His father is unclear. His mother was Elizabeth Douglas Teape (1782–1858).

He was born on 7 March 1830. He was educated at Glenalmond College in Perthshire. He then studied divinity at Trinity College, Dublin. He did postgraduate studies at Edinburgh Theological College and at Göttingen University in Germany.

He returned to Edinburgh as a deacon in 1853 but soon after went to Stirling to serve as a curate. He was ordained as a priest in 1854 and returned to Edinburgh in 1856 as chaplain to the Bishop of Edinburgh, Charles Terrot, based at St Mary's Episcopal Cathedral. His role as chaplain to the bishop ended on Terrot's death in 1872. Dean Montgomery did not continue the relationship. From 1857 till death he was incumbent at St Paul's Church at St John's Hill in the Canongate.
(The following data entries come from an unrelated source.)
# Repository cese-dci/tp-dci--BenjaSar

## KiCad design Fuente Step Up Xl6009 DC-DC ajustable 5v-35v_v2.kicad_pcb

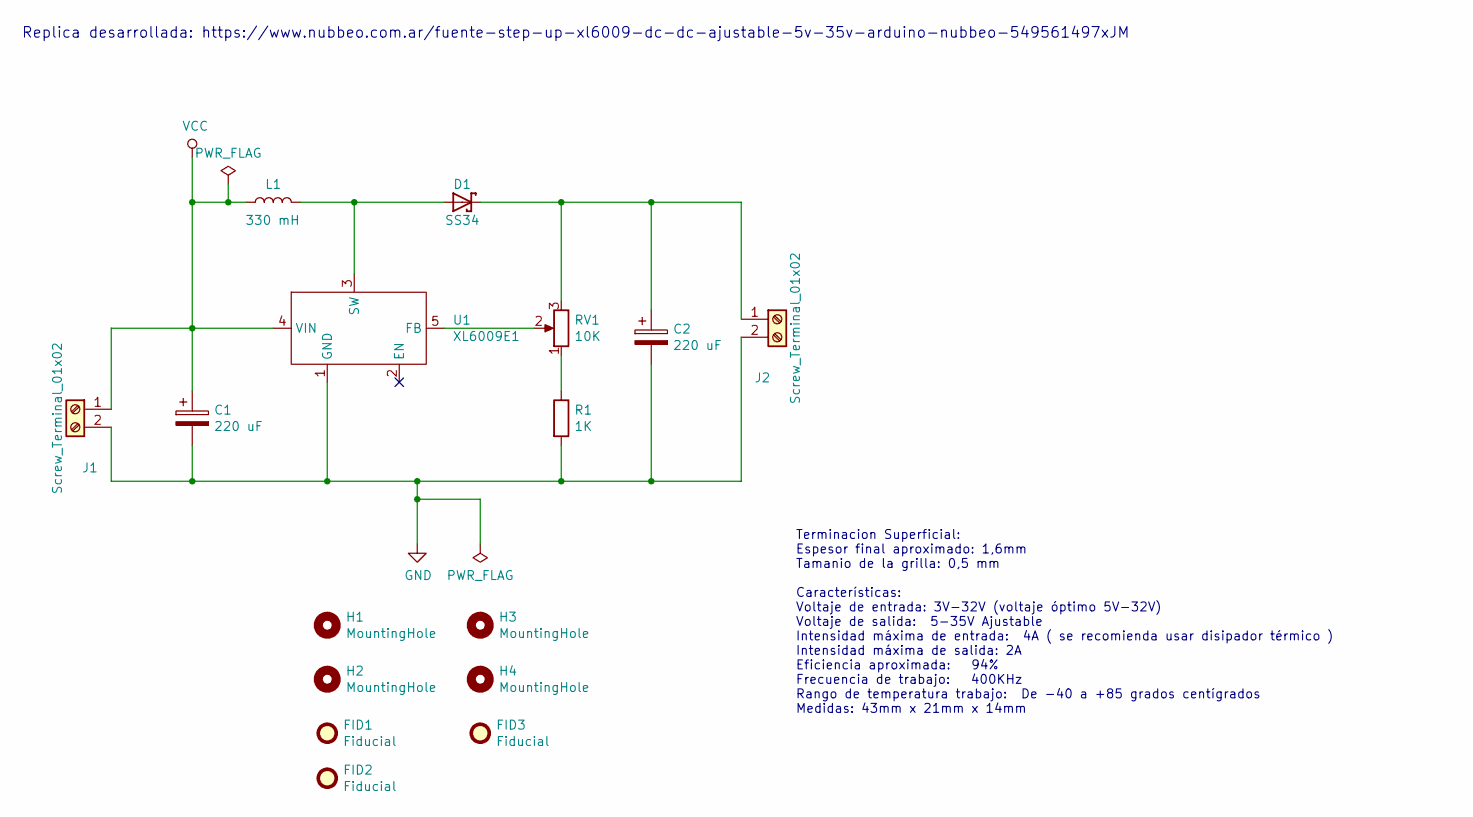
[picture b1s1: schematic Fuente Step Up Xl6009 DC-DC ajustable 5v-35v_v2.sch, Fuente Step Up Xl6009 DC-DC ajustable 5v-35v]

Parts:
C1, C2: 220 uF; CP_Elec_10x10
D1: SS34; SMB
FID1, FID2, FID3: Fiducial; Fiducial_0.5mm_Mask1.5mm
H1, H2, H3, H4: MountingHole; MountingHole_3.2mm_M3
J1, J2: Screw_Terminal_01x02; TerminalBlock_Altech_AK300-2_P5.00mm
L1: 330 mH; L_12x12mm_H8mm
R1: 1K; R_1806_4516Metric
RV1: 10K; Potentiometer_Bourns_3296W_Vertical
U1: XL6009E1; TO263-5

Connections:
GND: C1.2, C2.2, J1.2, J2.2, R1.2, U1.1 (GND)
unnamed: C2.1, D1.C, J2.1, RV1.3
unnamed: D1.A, L1.2, U1.3 (SW)
unnamed: R1.1, RV1.1
unnamed: RV1.2, U1.5 (FB)
VCC: C1.1, J1.1, L1.1, U1.4 (VIN)

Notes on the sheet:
Terminacion Superficial: Espesor final aproximado: 1,6mm Tamanio de la grilla: 0,5 mm Características: Voltaje de entrada: 3V-32V (voltaje óptimo 5V-32V) Voltaje de salida: 5-35V Ajustable Intensidad máxima de entrada: 4A ( se recomienda usar disipador térmico ) Intensidad máxima de salida: 2A Efic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
Replica desarrollada: https://www.nubbeo.com.ar/fuente-step-up-xl6009-dc-dc-ajustable-5v-35v-arduino-nubbeo-549561497xJM

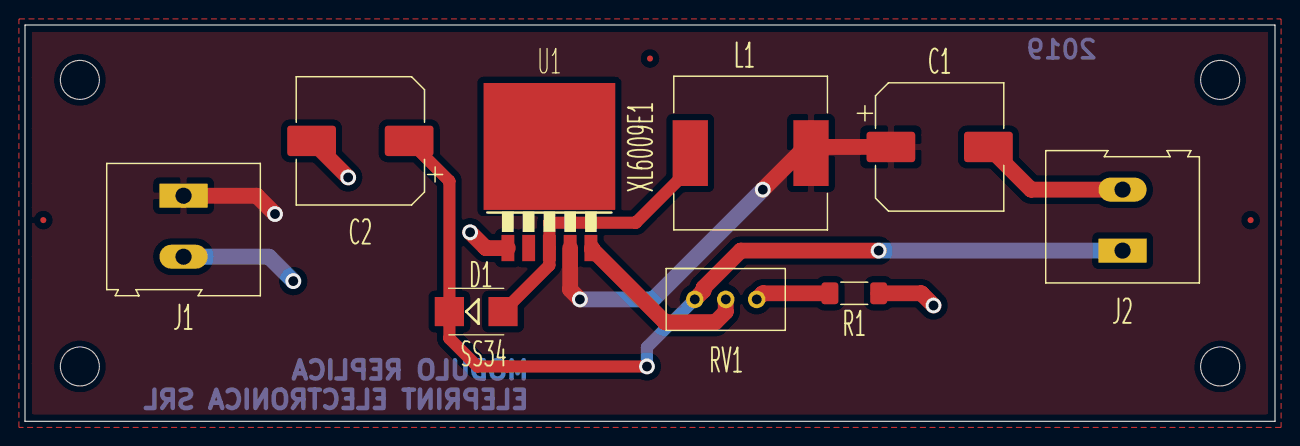
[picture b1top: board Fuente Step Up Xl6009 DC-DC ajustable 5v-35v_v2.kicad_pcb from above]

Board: 2 copper layers, 102.5 x 32.5 mm, 16 parts (0 on the bottom side), 6 nets.

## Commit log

2019-09-22 Primer commit
2019-10-02 Se realizan modificaciones sugeridas por el revisor
2019-10-06 Se agregaron las carpetas Doc e Info
2019-10-10 Se anadieron los footprints del regulador XL6009 y del potenciometro TH modelo 3296W
2019-10-20 Se creo pcb y se hicieron modificaciones de acuerdo a recomendaciones del docente
2019-10-21 Se modificaron las posiciones de los componentes de acuerdo a la recomencadion del companiero y se rutearon nuevamente algunas pistas
2019-10-24 Se agregaron los codigos de los productos y se efectuaron las recomendaciones sugeridas por el companiero
2019-10-25 Se acomodaron componentes y acortaron rutas

In 1866 he was living with his young family at 15 Findhorn Place in The Grange district in south Edinburgh. He appears to have remodelled the house in the later 19th century, greatly altering the attic level to add more rooms.

In 1872 he was elected a Fellow of the Royal Society of Edinburgh. His proposer was Philip Kelland.

From 1885 onwards he lectured at the Institute for Complete Training of Lady Nurses.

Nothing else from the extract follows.